TASK BRIEF — Using the data below, show every line where the word "quot" occurs.

■ ■ ■ ■ ■

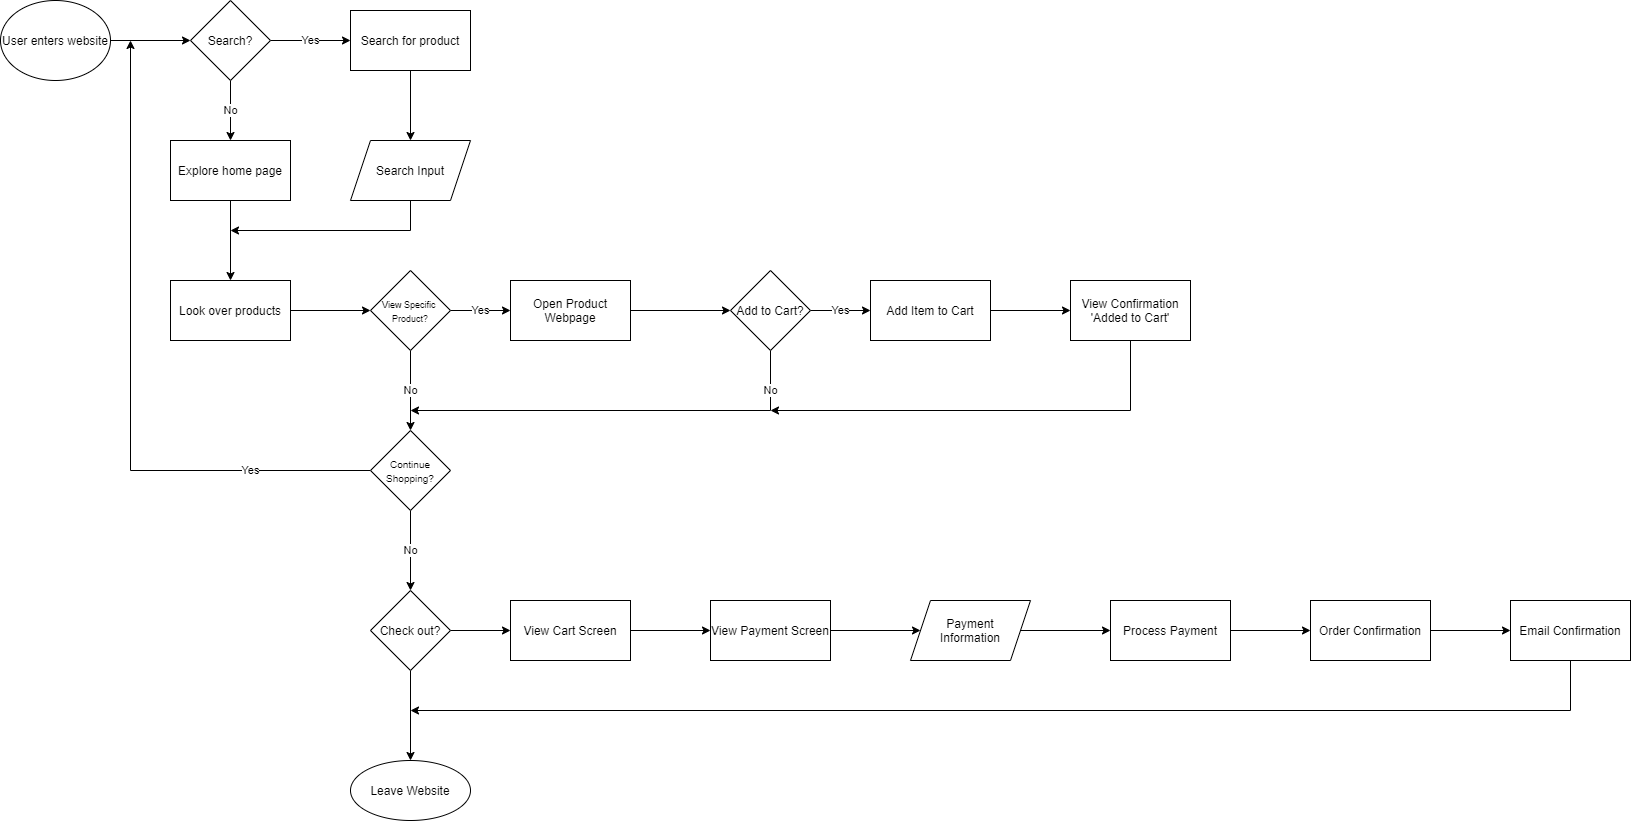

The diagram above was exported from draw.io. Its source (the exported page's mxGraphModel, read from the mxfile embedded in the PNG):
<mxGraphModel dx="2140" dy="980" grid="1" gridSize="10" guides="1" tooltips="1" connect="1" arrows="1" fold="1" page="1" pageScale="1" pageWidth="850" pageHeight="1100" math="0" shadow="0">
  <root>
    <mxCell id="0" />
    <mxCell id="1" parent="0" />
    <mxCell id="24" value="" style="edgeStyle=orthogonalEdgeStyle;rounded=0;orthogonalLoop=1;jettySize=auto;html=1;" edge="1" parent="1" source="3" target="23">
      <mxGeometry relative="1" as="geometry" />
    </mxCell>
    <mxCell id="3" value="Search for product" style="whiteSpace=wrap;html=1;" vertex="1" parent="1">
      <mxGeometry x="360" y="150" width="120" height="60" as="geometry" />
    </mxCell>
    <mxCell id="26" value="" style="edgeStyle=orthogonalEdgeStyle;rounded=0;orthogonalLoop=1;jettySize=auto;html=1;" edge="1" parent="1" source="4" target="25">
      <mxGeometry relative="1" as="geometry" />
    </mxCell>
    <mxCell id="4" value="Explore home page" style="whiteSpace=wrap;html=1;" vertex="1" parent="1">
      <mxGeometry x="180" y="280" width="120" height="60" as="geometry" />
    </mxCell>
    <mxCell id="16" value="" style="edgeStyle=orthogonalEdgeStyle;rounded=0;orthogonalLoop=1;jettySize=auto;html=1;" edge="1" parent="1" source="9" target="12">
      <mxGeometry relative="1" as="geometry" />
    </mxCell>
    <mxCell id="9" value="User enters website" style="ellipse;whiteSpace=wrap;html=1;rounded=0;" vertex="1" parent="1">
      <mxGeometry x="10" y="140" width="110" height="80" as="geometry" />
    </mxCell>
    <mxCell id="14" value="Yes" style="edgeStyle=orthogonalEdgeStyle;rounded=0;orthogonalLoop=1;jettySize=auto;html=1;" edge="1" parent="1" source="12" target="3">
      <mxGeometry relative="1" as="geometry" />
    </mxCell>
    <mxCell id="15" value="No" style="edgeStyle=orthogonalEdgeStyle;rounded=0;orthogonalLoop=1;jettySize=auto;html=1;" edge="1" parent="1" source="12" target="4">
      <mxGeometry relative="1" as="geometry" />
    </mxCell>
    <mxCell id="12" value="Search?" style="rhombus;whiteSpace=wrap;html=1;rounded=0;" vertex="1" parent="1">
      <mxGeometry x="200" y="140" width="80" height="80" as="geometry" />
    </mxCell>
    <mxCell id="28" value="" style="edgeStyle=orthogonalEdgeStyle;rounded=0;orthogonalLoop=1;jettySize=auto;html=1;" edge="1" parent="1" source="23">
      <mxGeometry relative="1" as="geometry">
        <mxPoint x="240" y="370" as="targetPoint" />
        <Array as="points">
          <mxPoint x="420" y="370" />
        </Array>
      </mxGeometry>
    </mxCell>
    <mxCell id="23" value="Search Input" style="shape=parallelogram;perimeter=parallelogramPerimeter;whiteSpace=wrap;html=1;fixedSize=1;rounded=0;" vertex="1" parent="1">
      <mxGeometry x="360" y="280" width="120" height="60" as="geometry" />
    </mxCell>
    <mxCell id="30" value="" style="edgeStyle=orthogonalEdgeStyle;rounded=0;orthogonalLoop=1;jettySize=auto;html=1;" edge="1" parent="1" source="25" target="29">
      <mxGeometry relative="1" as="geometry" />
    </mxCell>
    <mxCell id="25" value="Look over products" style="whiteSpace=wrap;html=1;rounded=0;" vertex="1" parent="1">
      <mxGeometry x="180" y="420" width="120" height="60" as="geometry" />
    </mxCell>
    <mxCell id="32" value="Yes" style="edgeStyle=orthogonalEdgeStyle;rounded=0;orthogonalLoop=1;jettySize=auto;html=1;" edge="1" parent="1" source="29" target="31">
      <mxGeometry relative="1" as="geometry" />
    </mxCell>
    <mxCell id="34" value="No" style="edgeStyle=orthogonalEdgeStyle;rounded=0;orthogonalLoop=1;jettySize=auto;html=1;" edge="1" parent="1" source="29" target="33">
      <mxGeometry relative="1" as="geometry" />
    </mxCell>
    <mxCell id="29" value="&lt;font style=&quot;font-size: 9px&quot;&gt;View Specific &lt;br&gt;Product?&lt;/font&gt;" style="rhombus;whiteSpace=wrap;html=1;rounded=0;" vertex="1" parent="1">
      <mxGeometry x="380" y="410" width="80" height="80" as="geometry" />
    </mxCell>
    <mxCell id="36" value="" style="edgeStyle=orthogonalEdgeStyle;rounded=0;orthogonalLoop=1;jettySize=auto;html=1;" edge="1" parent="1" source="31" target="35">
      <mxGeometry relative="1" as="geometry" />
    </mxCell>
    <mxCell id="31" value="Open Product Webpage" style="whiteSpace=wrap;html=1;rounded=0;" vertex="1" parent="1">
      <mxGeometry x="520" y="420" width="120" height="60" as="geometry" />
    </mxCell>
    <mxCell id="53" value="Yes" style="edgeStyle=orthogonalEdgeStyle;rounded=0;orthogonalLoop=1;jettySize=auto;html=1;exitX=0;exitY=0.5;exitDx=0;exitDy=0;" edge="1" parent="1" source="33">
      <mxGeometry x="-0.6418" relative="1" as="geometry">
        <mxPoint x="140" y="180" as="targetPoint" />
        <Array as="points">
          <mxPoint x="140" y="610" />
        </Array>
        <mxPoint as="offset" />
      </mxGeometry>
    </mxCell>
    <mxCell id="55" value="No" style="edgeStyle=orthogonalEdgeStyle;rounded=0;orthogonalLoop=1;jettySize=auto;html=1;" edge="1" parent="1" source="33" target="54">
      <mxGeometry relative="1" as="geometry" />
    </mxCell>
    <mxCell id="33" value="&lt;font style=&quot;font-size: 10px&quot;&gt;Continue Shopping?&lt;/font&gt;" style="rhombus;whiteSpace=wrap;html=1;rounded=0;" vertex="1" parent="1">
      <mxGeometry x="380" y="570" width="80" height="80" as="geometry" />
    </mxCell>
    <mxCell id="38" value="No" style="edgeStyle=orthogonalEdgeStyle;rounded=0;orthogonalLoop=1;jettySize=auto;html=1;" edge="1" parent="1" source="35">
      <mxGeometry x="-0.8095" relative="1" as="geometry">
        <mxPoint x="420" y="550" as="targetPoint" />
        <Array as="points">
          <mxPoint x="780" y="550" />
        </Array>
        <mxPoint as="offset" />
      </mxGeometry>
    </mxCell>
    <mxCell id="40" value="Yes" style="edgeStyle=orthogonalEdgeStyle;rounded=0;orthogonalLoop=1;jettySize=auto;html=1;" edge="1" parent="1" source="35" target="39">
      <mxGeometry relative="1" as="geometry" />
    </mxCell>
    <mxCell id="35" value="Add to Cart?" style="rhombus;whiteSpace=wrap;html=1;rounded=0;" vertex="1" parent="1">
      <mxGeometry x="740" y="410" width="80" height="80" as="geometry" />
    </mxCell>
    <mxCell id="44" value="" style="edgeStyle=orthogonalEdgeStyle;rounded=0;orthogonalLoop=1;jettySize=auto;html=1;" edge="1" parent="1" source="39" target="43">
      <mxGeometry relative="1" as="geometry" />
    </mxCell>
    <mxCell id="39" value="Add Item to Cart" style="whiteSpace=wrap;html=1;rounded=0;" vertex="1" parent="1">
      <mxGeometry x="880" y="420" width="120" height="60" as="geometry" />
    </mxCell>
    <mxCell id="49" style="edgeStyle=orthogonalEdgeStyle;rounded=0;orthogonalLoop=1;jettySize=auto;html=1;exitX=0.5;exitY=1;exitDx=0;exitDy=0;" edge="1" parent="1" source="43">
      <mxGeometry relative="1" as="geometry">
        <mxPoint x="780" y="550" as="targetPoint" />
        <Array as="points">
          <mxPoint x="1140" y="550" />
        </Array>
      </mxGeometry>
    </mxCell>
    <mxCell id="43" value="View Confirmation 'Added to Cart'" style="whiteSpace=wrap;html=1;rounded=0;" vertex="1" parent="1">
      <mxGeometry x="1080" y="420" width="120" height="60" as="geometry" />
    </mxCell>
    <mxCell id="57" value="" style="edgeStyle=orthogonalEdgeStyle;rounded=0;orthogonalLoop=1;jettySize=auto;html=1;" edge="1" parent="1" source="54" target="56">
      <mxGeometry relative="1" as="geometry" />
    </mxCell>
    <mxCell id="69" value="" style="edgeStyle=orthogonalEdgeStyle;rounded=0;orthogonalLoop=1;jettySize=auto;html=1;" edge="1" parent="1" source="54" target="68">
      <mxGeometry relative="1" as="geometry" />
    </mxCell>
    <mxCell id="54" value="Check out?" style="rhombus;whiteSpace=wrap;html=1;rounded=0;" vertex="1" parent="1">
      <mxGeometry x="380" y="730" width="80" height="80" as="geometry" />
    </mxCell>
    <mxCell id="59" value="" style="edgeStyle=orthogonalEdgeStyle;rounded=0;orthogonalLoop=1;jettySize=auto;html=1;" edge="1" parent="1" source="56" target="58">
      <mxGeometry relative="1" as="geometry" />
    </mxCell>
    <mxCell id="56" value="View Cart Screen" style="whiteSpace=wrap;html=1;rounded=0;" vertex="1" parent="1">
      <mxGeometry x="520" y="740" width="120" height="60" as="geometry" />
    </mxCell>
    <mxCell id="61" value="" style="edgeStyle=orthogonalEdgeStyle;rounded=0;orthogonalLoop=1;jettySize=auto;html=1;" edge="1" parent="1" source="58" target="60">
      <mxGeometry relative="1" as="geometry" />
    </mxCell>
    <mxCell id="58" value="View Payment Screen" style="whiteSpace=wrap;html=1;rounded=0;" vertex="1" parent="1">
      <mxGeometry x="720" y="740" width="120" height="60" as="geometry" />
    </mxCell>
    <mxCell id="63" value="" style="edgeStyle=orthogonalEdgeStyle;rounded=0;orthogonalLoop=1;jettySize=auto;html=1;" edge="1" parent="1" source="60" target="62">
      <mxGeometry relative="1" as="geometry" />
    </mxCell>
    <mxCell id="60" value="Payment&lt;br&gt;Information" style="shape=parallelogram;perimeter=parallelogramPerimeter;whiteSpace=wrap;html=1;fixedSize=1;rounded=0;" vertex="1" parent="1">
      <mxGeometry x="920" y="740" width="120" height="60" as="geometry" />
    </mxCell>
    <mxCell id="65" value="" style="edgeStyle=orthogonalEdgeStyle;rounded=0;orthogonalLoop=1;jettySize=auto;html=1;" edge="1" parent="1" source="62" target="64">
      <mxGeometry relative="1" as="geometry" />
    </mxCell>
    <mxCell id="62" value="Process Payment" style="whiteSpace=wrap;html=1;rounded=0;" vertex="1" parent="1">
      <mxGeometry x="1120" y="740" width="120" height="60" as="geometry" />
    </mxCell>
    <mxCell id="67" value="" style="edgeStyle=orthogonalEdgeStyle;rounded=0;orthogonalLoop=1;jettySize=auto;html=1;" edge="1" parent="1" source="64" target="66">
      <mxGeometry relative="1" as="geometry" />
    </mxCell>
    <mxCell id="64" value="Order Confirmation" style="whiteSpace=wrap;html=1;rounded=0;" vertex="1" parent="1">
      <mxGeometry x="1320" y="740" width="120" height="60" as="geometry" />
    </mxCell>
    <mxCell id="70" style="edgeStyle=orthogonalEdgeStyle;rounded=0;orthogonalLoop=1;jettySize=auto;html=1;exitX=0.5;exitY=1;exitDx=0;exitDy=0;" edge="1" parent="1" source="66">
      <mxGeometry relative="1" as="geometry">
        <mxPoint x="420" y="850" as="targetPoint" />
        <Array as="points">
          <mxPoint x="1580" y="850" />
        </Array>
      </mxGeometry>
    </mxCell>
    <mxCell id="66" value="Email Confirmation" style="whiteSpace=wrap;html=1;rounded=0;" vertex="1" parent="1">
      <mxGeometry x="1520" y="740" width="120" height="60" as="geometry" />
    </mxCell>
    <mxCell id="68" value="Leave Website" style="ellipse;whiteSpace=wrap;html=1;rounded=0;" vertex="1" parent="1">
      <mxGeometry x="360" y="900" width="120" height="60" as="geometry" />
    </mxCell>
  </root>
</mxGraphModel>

■ ■ ■ ■ ■

RESULT OF THIS EXERCISE —
    <mxCell id="29" value="&lt;font style=&quot;font-size: 9px&quot;&gt;View Specific &lt;br&gt;Product?&lt;/font&gt;" style="rhombus;whiteSpace=wrap;html=1;rounded=0;" vertex="1" parent="1">
    <mxCell id="33" value="&lt;font style=&quot;font-size: 10px&quot;&gt;Continue Shopping?&lt;/font&gt;" style="rhombus;whiteSpace=wrap;html=1;rounded=0;" vertex="1" parent="1">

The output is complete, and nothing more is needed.